Dataset entries:

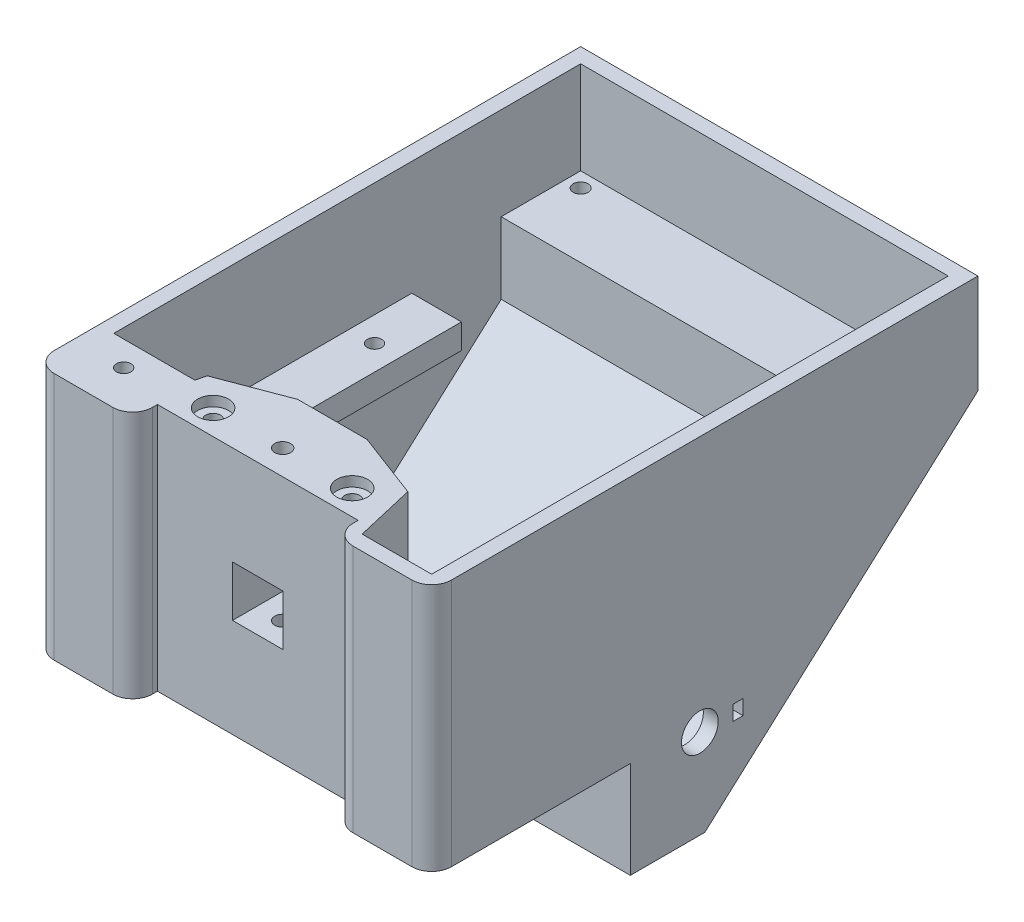
from build123d import *

# Parameters (mm, degrees)
BOSS_EXTRUDE1_DEPTH = 80
SHELL1_T            = -3
SKETCH3_W           = 46
SKETCH3_H           = 47
BOSS_EXTRUDE2_DEPTH = 17
SKETCH4_W           = 10.2
SKETCH4_H           = 10.2
CUT_EXTRUDE1_DEPTH  = 20
SKETCH6_W           = 15
SKETCH6_H           = 12.8
CUT_EXTRUDE2_DEPTH  = 3
SKETCH7_W           = 40.4
SKETCH7_H           = 50
CUT_EXTRUDE3_DEPTH  = 5
FILLET1_R           = 4
CUT_EXTRUDE7_DEPTH  = 47
SKETCH13_R          = 1.5
CUT_EXTRUDE8_DEPTH  = 25
SKETCH14_R          = 3.1
CUT_EXTRUDE9_DEPTH  = 2
SKETCH17_W          = 45
SKETCH17_H          = 5
BOSS_EXTRUDE5_DEPTH = 74
CUT_EXTRUDE10_REACH = 126.093
SKETCH18_W          = 54
SKETCH18_H          = 45
CUT_EXTRUDE11_REACH = 126.093
SKETCH19_R          = 1.45
BOSS_EXTRUDE6_DEPTH = 47
SKETCH22_R          = 1.45
CUT_EXTRUDE12_DEPTH = 135.415364765
SKETCH24_R          = 3.7
SKETCH24_W          = 2
SKETCH24_H          = 3
CUT_EXTRUDE13_DEPTH = 125.856940719
BOSS_EXTRUDE7_DEPTH = 74
SKETCH27_R          = 1.5
CUT_EXTRUDE14_DEPTH = 10
CUT_EXTRUDE15_START = -3
CUT_EXTRUDE15_DEPTH = 32
CUT_EXTRUDE16_DEPTH = 30
BOSS_EXTRUDE8_DEPTH = 20
SKETCH31_R          = 1.5
CUT_EXTRUDE17_DEPTH = 123.649786567
CUT_EXTRUDE18_DEPTH = 15
CUT_EXTRUDE19_REACH = 126.093
SKETCH33_W          = 10
SKETCH33_H          = 5
SKETCH34_R          = 1.6
CUT_EXTRUDE20_DEPTH = 135.415364765
CUT_EXTRUDE22_DEPTH = 14


with BuildPart() as part:
    # Sketch2 → Boss-Extrude1 (new body)
    with BuildSketch(Plane(origin=(0, 0, 0), x_dir=(0, 0, -1), z_dir=(1, 0, 0))):
        Polygon((-27.320490368, 20.998248687), (-27.320490368, -29.001751313), (12.679509632, -29.001751313), (12.679509632, -48.511383538), (27.679509632, -48.511383538), (82.679509632, 0.998248687), (82.679509632, 20.998248687), align=None)
    extrude(amount=BOSS_EXTRUDE1_DEPTH)

    # Shell1
    shell1_openings = [part.faces().sort_by_distance(p)[0] for p in [
        (40, 20.998248687, -27.679509632),
    ]]
    offset(amount=SHELL1_T, openings=shell1_openings, kind=Kind.INTERSECTION)

    # Sketch3 → Boss-Extrude2 (add)
    with BuildSketch(Plane(origin=(0, 0, 24.320490368), x_dir=(-1, 0, 0), z_dir=(0, 0, -1))):
        with Locations((-40, -2.501751313)):
            Rectangle(SKETCH3_W, SKETCH3_H)
    extrude(amount=BOSS_EXTRUDE2_DEPTH)

    # Sketch4 → Cut-Extrude1 (cut)
    with BuildSketch(Plane.XY.offset(27.320490368)):
        with Locations((40, -4.001751313)):
            Rectangle(SKETCH4_W, SKETCH4_H)
    extrude(amount=-CUT_EXTRUDE1_DEPTH, mode=Mode.SUBTRACT)

    # Sketch6 → Cut-Extrude2 (cut)
    with BuildSketch(Plane.XZ.offset(29.001751313)):
        with Locations((40, 0.920490368)):
            Rectangle(SKETCH6_W, SKETCH6_H)
    extrude(amount=-CUT_EXTRUDE2_DEPTH, mode=Mode.SUBTRACT)

    # Sketch7 → Cut-Extrude3 (cut)
    with BuildSketch(Plane.XY.offset(27.320490368)):
        with Locations((40, -4.001751313)):
            Rectangle(SKETCH7_W, SKETCH7_H)
    extrude(amount=-CUT_EXTRUDE3_DEPTH, mode=Mode.SUBTRACT)

    # Fillet1
    fillet1_edges = [part.edges().sort_by_distance(p)[0] for p in [
        (80, -4.001751313, 27.320490368),
        (19.8, -4.001751313, 27.320490368),
        (0, -4.001751313, 27.320490368),
        (60.2, -4.001751313, 27.320490368),
    ]]
    fillet(fillet1_edges, radius=FILLET1_R)

    # Sketch12 → Cut-Extrude7 (cut)
    with BuildSketch(Plane(origin=(0, 20.998248687, 0), x_dir=(1, 0, 0), z_dir=(0, 1, 0))):
        Polygon((33, -7.320490368), (19.8, -12.320490368), (17, -24.320490368), (17, -7.320490368), align=None)
        Polygon((47, -7.320490368), (63, -7.320490368), (63, -24.320490368), (60.2, -12.320490368), align=None)
    extrude(amount=-CUT_EXTRUDE7_DEPTH, mode=Mode.SUBTRACT)

    # Sketch13 → Cut-Extrude8 (cut)
    with BuildSketch(Plane(origin=(0, 20.998248687, 0), x_dir=(1, 0, 0), z_dir=(0, 1, 0))):
        with Locations(Location((26, -17.320490368, 0), (0, 0, 270))):
            Circle(SKETCH13_R)
        with Locations(Location((54, -17.320490368, 0), (0, 0, 270))):
            Circle(SKETCH13_R)
    extrude(amount=-CUT_EXTRUDE8_DEPTH, mode=Mode.SUBTRACT)

    # Sketch14 → Cut-Extrude9 (cut)
    with BuildSketch(Plane(origin=(0, 20.998248687, 0), x_dir=(1, 0, 0), z_dir=(0, 1, 0))):
        with Locations(Location((26, -17.320490368, 0), (0, 0, 270))):
            Circle(SKETCH14_R)
        with Locations(Location((54, -17.320490368, 0), (0, 0, 270))):
            Circle(SKETCH14_R)
    extrude(amount=-CUT_EXTRUDE9_DEPTH, mode=Mode.SUBTRACT)

    # Sketch17 → Boss-Extrude5 (add)
    with BuildSketch(Plane.ZY.offset(-77)):
        with Locations((-23.179509632, -4.501751313)):
            Rectangle(SKETCH17_W, SKETCH17_H)
    extrude(amount=BOSS_EXTRUDE5_DEPTH)

    # Sketch18 → Cut-Extrude10 (cut, up to next)
    with BuildSketch(Plane(origin=(0, -2.001751313, 0), x_dir=(1, 0, 0), z_dir=(0, 1, 0)), mode=Mode.PRIVATE) as cut_extrude10_sk1:
        with Locations((40, 23.179509632)):
            Rectangle(SKETCH18_W, SKETCH18_H)
    cut_extrude10_tool1 = extrude(cut_extrude10_sk1.sketch, amount=-CUT_EXTRUDE10_REACH, mode=Mode.PRIVATE) & part.part
    add(cut_extrude10_tool1.solids().sort_by_distance((40, -2.001751, -23.17951))[0], mode=Mode.SUBTRACT)

    # Sketch19 → Cut-Extrude11 (cut, up to next)
    with BuildSketch(Plane(origin=(0, -2.001751313, 0), x_dir=(1, 0, 0), z_dir=(0, 1, 0)), mode=Mode.PRIVATE) as cut_extrude11_sk1:
        with Locations(Location((72, 37.179509632, 0), (0, 0, 270))):
            Circle(SKETCH19_R)
    cut_extrude11_tool1 = extrude(cut_extrude11_sk1.sketch, amount=-CUT_EXTRUDE11_REACH, mode=Mode.PRIVATE) & part.part
    # Sketch19 → Cut-Extrude11 (cut, up to next)
    with BuildSketch(Plane(origin=(0, -2.001751313, 0), x_dir=(1, 0, 0), z_dir=(0, 1, 0)), mode=Mode.PRIVATE) as cut_extrude11_sk2:
        with Locations(Location((72, 6.179509632, 0), (0, 0, 270))):
            Circle(SKETCH19_R)
    cut_extrude11_tool2 = extrude(cut_extrude11_sk2.sketch, amount=-CUT_EXTRUDE11_REACH, mode=Mode.PRIVATE) & part.part
    # Sketch19 → Cut-Extrude11 (cut, up to next)
    with BuildSketch(Plane(origin=(0, -2.001751313, 0), x_dir=(1, 0, 0), z_dir=(0, 1, 0)), mode=Mode.PRIVATE) as cut_extrude11_sk3:
        with Locations(Location((8, 33.179509632, 0), (0, 0, 270))):
            Circle(SKETCH19_R)
    cut_extrude11_tool3 = extrude(cut_extrude11_sk3.sketch, amount=-CUT_EXTRUDE11_REACH, mode=Mode.PRIVATE) & part.part
    # Sketch19 → Cut-Extrude11 (cut, up to next)
    with BuildSketch(Plane(origin=(0, -2.001751313, 0), x_dir=(1, 0, 0), z_dir=(0, 1, 0)), mode=Mode.PRIVATE) as cut_extrude11_sk4:
        with Locations(Location((8, 6.179509632, 0), (0, 0, 270))):
            Circle(SKETCH19_R)
    cut_extrude11_tool4 = extrude(cut_extrude11_sk4.sketch, amount=-CUT_EXTRUDE11_REACH, mode=Mode.PRIVATE) & part.part
    add(cut_extrude11_tool1.solids().sort_by_distance((72, -2.001751, -37.17951))[0], mode=Mode.SUBTRACT)
    add(cut_extrude11_tool2.solids().sort_by_distance((72, -2.001751, -6.17951))[0], mode=Mode.SUBTRACT)
    add(cut_extrude11_tool3.solids().sort_by_distance((8, -2.001751, -33.17951))[0], mode=Mode.SUBTRACT)
    add(cut_extrude11_tool4.solids().sort_by_distance((8, -2.001751, -6.17951))[0], mode=Mode.SUBTRACT)

    # Sketch21 → Boss-Extrude6 (add)
    with BuildSketch(Plane(origin=(0, -26.001751313, 0), x_dir=(1, 0, 0), z_dir=(0, 1, 0))):
        Polygon((3, -24.320490368), (3, -14.320490368), (19.333333333, -14.320490368), (17, -24.320490368), align=None)
    extrude(amount=BOSS_EXTRUDE6_DEPTH)

    # Sketch22 → Cut-Extrude12 (cut, through all)
    with BuildSketch(Plane(origin=(0, 20.998248687, 0), x_dir=(1, 0, 0), z_dir=(0, 1, 0))):
        with Locations(Location((10, -19.320490368, 0), (0, 0, 270))):
            Circle(SKETCH22_R)
    extrude(amount=-CUT_EXTRUDE12_DEPTH, mode=Mode.SUBTRACT)

    # Sketch24 → Cut-Extrude13 (cut, through all)
    with BuildSketch(Plane(origin=(80, 0, 0), x_dir=(0, 0, -1), z_dir=(1, 0, 0))):
        with Locations((26.679509632, -30.511383538)):
            Circle(SKETCH24_R)
        with Locations((34.379509632, -30.511383538)):
            Rectangle(SKETCH24_W, SKETCH24_H)
    extrude(amount=-CUT_EXTRUDE13_DEPTH, mode=Mode.SUBTRACT)

    # Sketch26 → Boss-Extrude7 (add)
    with BuildSketch(Plane(origin=(3, 0, 0), x_dir=(0, 0, -1), z_dir=(1, 0, 0))):
        Polygon((79.679509632, 2.334161996), (63.679509632, 2.334161996), (63.679509632, -12.068640106), align=None)
    extrude(amount=BOSS_EXTRUDE7_DEPTH)

    # Sketch27 → Cut-Extrude14 (cut)
    with BuildSketch(Plane(origin=(0, 2.334161996, 0), x_dir=(1, 0, 0), z_dir=(0, 1, 0))):
        with Locations(Location((6, 76.679509632, 0), (0, 0, 270))):
            Circle(SKETCH27_R)
        with Locations(Location((74, 76.679509632, 0), (0, 0, 270))):
            Circle(SKETCH27_R)
    extrude(amount=-CUT_EXTRUDE14_DEPTH, mode=Mode.SUBTRACT)

    # Sketch28 → Cut-Extrude15 (cut)
    with BuildSketch(Plane(origin=(0, 2.334161996, 0), x_dir=(1, 0, 0), z_dir=(0, 1, 0)).offset(CUT_EXTRUDE15_START)):
        Polygon((74, 79.929509632), (71.185417438, 78.304509632), (71.185417438, 75.054509632), (74, 73.429509632), (76.814582562, 75.054509632), (76.814582562, 78.304509632), align=None)
        Polygon((6, 73.429509632), (8.814582562, 75.054509632), (8.814582562, 78.304509632), (6, 79.929509632), (3.185417438, 78.304509632), (3.185417438, 75.054509632), align=None)
    extrude(amount=-CUT_EXTRUDE15_DEPTH, mode=Mode.SUBTRACT)

    # Sketch29 → Cut-Extrude16 (cut)
    with BuildSketch(Plane.XZ.offset(29.001751313)):
        Polygon((7.185417438, 17.695490368), (10, 16.070490368), (12.814582562, 17.695490368), (12.814582562, 20.945490368), (10, 22.570490368), (7.185417438, 20.945490368), align=None)
    extrude(amount=-CUT_EXTRUDE16_DEPTH, mode=Mode.SUBTRACT)

    # Sketch30 → Boss-Extrude8 (add)
    with BuildSketch(Plane(origin=(0, -26.001751313, 0), x_dir=(1, 0, 0), z_dir=(0, 1, 0))):
        Polygon((77, -24.320490368), (63, -24.320490368), (60.2, -12.320490368), (77, -12.320490368), align=None)
    extrude(amount=BOSS_EXTRUDE8_DEPTH)

    # Sketch31 → Cut-Extrude17 (cut, through all)
    with BuildSketch(Plane(origin=(0, -6.001751313, 0), x_dir=(1, 0, 0), z_dir=(0, 1, 0))):
        with Locations(Location((72, -21.320490368, 0), (0, 0, 270))):
            Circle(SKETCH31_R)
    extrude(amount=-CUT_EXTRUDE17_DEPTH, mode=Mode.SUBTRACT)

    # Sketch32 → Cut-Extrude18 (cut)
    with BuildSketch(Plane.XZ.offset(29.001751313)):
        Polygon((72, 24.570490368), (69.185417438, 22.945490368), (69.185417438, 19.695490368), (72, 18.070490368), (74.814582562, 19.695490368), (74.814582562, 22.945490368), align=None)
    extrude(amount=-CUT_EXTRUDE18_DEPTH, mode=Mode.SUBTRACT)

    # Sketch33 → Cut-Extrude19 (cut, up to next)
    with BuildSketch(Plane(origin=(0, -2.001751313, 0), x_dir=(1, 0, 0), z_dir=(0, 1, 0)), mode=Mode.PRIVATE) as cut_extrude19_sk1:
        with Locations((72, 43.179509632)):
            Rectangle(SKETCH33_W, SKETCH33_H)
    cut_extrude19_tool1 = extrude(cut_extrude19_sk1.sketch, amount=-CUT_EXTRUDE19_REACH, mode=Mode.PRIVATE) & part.part
    add(cut_extrude19_tool1.solids().sort_by_distance((72, -2.001751, -43.17951))[0], mode=Mode.SUBTRACT)

    # Sketch34 → Cut-Extrude20 (cut, through all)
    with BuildSketch(Plane(origin=(0, 20.998248687, 0), x_dir=(1, 0, 0), z_dir=(0, 1, 0))):
        with Locations(Location((40, -17.320490368, 0), (0, 0, 270))):
            Circle(SKETCH34_R)
    extrude(amount=-CUT_EXTRUDE20_DEPTH, mode=Mode.SUBTRACT)

    # Sketch36 → Cut-Extrude22 (cut)
    with BuildSketch(Plane.XZ.offset(29.001751313)):
        Polygon((38.375, 20.13507293), (36.75, 17.320490368), (38.375, 14.505907805), (41.625, 14.505907805), (43.25, 17.320490368), (41.625, 20.13507293), align=None)
    extrude(amount=-CUT_EXTRUDE22_DEPTH, mode=Mode.SUBTRACT)


solid = part.part

• _Your assignment_
All that is wanted is the stretch of lines above from the one containing "extrude(amount=-CUT_EXTRUDE13_DEPTH, mode=Mode.SUBTRACT)" through the one containing "extrude(amount=BOSS_EXTRUDE7_DEPTH)", duplicated exactly.

• _Your solution_
    extrude(amount=-CUT_EXTRUDE13_DEPTH, mode=Mode.SUBTRACT)

    # Sketch26 → Boss-Extrude7 (add)
    with BuildSketch(Plane(origin=(3, 0, 0), x_dir=(0, 0, -1), z_dir=(1, 0, 0))):
        Polygon((79.679509632, 2.334161996), (63.679509632, 2.334161996), (63.679509632, -12.068640106), align=None)
    extrude(amount=BOSS_EXTRUDE7_DEPTH)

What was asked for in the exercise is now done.